Gather, from the listing beneath this task, every line holding the string "aQFN".

Extracted data START

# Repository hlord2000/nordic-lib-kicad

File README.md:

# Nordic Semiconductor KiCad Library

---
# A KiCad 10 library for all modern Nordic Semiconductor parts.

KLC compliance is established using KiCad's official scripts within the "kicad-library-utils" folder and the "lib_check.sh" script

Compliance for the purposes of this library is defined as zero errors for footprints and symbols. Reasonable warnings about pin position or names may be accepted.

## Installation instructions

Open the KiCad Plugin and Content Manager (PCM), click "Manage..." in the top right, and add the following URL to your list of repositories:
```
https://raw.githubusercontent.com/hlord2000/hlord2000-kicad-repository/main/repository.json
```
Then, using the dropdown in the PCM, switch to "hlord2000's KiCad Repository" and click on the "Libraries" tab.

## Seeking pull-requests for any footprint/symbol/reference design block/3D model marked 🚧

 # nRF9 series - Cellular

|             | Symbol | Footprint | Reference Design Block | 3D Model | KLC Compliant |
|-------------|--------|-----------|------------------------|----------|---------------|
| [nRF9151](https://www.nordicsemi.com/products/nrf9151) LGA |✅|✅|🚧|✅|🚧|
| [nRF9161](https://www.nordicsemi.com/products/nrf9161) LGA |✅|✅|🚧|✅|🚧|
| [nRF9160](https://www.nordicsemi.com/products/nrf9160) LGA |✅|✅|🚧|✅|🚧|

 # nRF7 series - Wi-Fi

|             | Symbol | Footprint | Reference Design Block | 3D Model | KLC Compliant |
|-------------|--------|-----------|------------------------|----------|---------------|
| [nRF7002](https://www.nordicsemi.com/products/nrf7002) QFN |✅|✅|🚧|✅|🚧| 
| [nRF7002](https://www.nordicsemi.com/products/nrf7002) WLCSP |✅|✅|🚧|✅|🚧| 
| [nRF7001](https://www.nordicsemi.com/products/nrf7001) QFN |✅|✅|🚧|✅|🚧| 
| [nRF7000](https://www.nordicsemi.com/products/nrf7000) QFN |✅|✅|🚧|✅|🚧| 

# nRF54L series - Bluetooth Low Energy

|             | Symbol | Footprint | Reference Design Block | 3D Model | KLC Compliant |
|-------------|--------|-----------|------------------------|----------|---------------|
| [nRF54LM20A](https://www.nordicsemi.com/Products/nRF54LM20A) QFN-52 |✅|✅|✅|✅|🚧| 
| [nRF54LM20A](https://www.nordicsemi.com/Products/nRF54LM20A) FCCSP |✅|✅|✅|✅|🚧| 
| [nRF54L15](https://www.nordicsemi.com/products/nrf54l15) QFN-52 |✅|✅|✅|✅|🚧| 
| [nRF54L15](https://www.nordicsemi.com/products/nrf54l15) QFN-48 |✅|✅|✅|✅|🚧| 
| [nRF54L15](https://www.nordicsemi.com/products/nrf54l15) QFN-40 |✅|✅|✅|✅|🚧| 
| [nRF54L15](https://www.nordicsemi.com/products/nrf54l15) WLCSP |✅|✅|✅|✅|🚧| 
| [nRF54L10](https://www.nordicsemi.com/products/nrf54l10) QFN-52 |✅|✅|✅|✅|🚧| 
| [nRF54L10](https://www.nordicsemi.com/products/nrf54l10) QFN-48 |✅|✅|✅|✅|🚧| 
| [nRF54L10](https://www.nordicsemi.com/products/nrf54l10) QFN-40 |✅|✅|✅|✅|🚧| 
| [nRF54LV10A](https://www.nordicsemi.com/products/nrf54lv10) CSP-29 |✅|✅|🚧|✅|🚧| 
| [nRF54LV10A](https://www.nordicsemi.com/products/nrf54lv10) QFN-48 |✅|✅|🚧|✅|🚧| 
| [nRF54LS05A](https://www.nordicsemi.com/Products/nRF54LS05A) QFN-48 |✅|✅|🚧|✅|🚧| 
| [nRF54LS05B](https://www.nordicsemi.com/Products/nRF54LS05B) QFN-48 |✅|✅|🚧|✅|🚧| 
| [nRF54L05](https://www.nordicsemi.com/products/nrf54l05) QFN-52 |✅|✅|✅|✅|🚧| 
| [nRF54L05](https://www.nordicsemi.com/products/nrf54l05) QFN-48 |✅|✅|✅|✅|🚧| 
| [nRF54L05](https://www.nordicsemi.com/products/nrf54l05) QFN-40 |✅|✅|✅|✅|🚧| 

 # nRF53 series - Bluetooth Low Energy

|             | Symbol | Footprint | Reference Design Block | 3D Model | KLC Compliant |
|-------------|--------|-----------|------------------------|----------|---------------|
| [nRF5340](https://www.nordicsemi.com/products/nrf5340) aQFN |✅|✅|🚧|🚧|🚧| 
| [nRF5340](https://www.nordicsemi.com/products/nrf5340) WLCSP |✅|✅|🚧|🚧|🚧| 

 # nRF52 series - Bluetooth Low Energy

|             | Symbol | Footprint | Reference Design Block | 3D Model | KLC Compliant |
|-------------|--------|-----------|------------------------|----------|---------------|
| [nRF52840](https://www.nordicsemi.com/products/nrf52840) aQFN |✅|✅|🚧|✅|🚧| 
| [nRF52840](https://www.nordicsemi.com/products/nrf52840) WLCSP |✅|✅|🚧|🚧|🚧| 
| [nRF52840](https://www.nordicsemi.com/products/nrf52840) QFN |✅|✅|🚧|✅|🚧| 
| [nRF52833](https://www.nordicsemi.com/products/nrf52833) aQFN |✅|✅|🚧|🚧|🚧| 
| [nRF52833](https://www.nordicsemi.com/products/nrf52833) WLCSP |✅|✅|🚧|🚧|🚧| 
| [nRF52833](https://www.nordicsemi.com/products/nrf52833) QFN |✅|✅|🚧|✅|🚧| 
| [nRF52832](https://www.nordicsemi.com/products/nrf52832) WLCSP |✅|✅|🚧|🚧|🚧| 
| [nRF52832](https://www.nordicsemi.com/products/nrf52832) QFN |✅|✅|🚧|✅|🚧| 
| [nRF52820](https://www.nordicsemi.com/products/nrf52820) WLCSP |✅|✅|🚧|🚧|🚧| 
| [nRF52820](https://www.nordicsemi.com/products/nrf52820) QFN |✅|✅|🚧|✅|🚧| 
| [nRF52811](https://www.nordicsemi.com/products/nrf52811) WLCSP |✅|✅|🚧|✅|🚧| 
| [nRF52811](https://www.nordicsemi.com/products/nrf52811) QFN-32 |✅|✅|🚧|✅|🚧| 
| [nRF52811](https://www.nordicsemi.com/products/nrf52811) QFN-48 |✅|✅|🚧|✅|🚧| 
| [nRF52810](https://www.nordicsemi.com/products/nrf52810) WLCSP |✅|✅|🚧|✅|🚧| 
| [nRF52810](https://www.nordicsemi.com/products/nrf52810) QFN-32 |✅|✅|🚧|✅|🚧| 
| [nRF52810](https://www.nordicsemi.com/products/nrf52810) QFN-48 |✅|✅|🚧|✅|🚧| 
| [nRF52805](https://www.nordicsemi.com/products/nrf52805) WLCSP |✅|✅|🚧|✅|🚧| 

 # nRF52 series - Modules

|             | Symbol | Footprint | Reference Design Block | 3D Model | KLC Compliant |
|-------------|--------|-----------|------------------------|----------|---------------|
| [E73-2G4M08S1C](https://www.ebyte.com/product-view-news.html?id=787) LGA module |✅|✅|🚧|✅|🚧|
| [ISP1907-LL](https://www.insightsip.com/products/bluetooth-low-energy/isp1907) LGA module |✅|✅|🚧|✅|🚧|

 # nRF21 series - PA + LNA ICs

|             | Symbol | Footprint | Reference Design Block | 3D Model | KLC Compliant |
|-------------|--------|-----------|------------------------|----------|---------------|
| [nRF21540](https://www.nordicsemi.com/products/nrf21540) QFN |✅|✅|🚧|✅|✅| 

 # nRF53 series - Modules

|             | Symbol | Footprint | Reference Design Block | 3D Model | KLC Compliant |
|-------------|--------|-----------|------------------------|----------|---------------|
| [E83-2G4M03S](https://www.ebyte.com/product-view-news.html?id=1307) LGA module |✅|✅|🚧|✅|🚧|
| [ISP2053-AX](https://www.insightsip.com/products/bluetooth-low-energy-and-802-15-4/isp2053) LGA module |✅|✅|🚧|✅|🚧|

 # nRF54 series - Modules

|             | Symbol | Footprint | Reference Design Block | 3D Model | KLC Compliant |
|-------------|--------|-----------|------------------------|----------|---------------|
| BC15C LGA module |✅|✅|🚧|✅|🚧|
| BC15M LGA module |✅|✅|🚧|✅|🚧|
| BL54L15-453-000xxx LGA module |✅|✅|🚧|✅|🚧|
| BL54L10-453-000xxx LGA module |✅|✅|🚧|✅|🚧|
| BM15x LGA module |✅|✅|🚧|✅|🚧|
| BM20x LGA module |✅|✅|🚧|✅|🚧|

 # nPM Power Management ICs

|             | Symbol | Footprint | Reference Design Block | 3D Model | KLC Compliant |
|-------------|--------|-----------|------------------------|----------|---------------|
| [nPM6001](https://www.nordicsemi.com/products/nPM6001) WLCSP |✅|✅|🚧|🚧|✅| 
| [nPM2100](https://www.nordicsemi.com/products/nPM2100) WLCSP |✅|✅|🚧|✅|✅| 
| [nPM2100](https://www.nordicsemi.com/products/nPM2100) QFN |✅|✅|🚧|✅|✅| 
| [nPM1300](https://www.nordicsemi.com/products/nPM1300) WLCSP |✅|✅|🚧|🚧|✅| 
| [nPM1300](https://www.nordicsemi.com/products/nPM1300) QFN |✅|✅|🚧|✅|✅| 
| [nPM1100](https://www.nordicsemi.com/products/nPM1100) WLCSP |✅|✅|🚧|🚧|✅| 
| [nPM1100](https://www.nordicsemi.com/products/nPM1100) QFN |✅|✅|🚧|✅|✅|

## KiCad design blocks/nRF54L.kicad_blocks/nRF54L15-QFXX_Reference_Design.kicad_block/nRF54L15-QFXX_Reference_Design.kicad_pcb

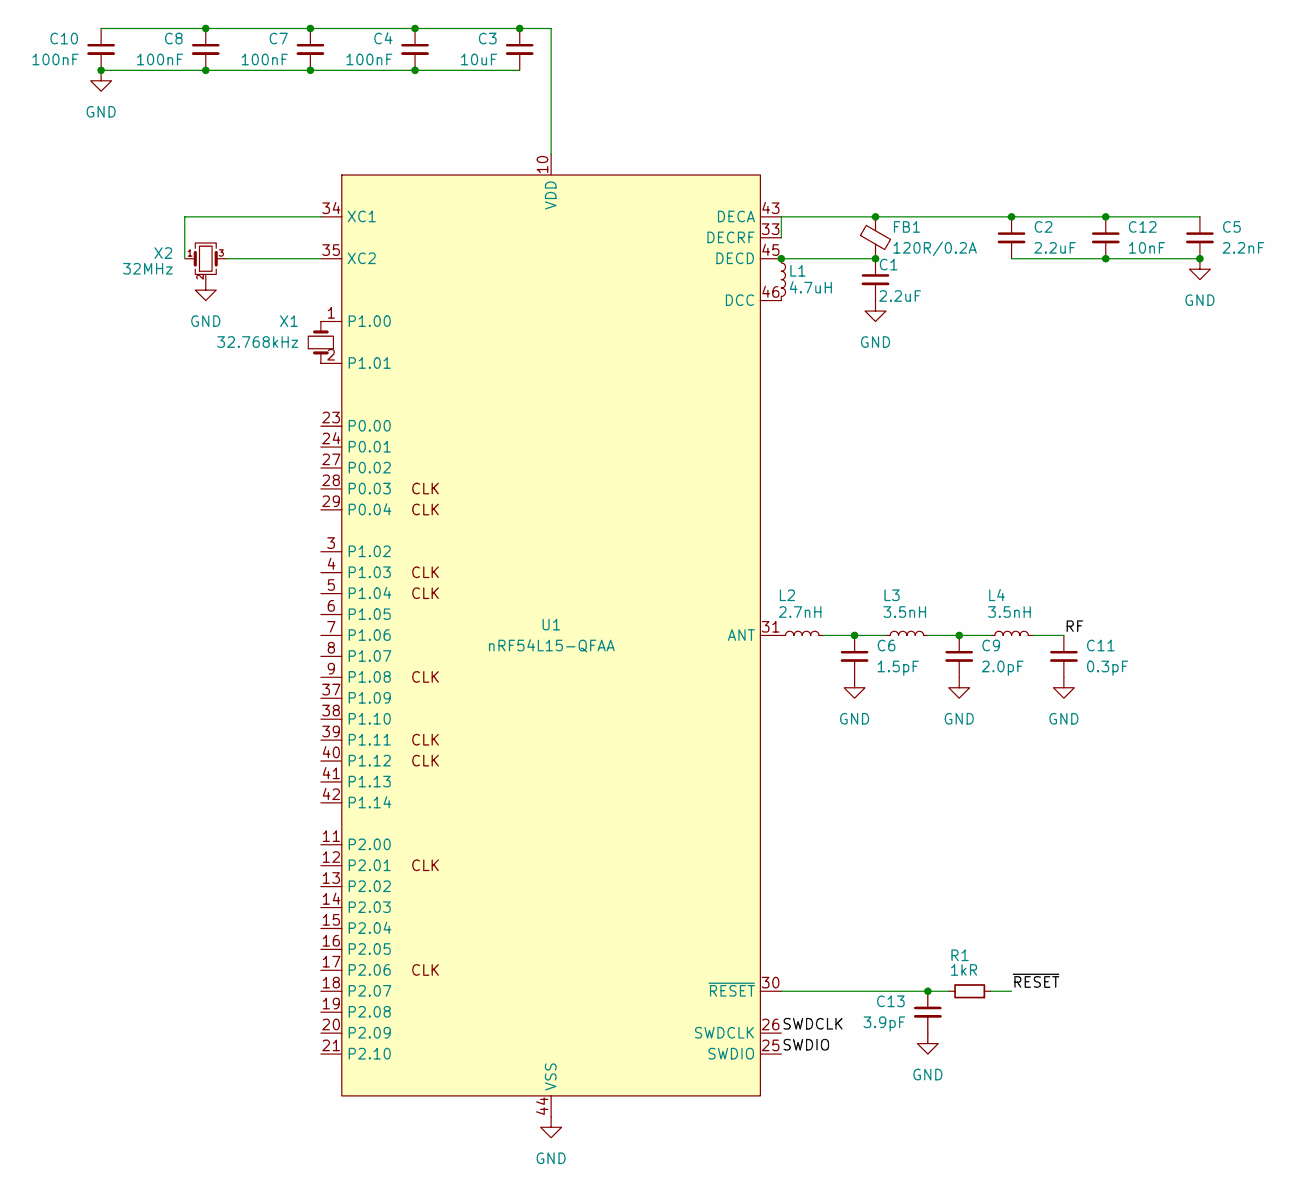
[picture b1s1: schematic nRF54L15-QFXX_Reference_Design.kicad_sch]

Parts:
C1, C2: 2.2uF; C_0201_0603Metric_L
C3: 10uF; C_0402_1005Metric_L
C4, C7, C8, C10: 100nF; C_0201_0603Metric_L
C5: 2.2nF; C_0201_0603Metric_L
C6: 1.5pF; C_0201_0603Metric_L
C9: 2.0pF; C_0201_0603Metric_L
C11: 0.3pF; C_0201_0603Metric_L
C12: 10nF; C_0201_0603Metric_L
C13: 3.9pF; C_0201_0603Metric_L
FB1: 120R/0.2A; L_0201_0603Metric_L
L1: 4.7uH; L_0603_1608Metric_L
L2: 2.7nH; L_0201_0603Metric_L
L3, L4: 3.5nH; L_0201_0603Metric_L
R1: 1kR; R_0201_0603Metric_L
U1: nRF54L15-QFAA; QFN-48-1EP_6x6mm_P0.4mm_EP4.6x4.6mm_ThermalVias
X1: 32.768kHz; Crystal_SMD_2012-2Pin_2.0x1.2mm
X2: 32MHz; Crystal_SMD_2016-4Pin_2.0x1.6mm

Extracted data END

• [Task output]:
| [nRF5340](https://www.nordicsemi.com/products/nrf5340) aQFN |✅|✅|🚧|🚧|🚧| 
| [nRF52840](https://www.nordicsemi.com/products/nrf52840) aQFN |✅|✅|🚧|✅|🚧| 
| [nRF52833](https://www.nordicsemi.com/products/nrf52833) aQFN |✅|✅|🚧|🚧|🚧| 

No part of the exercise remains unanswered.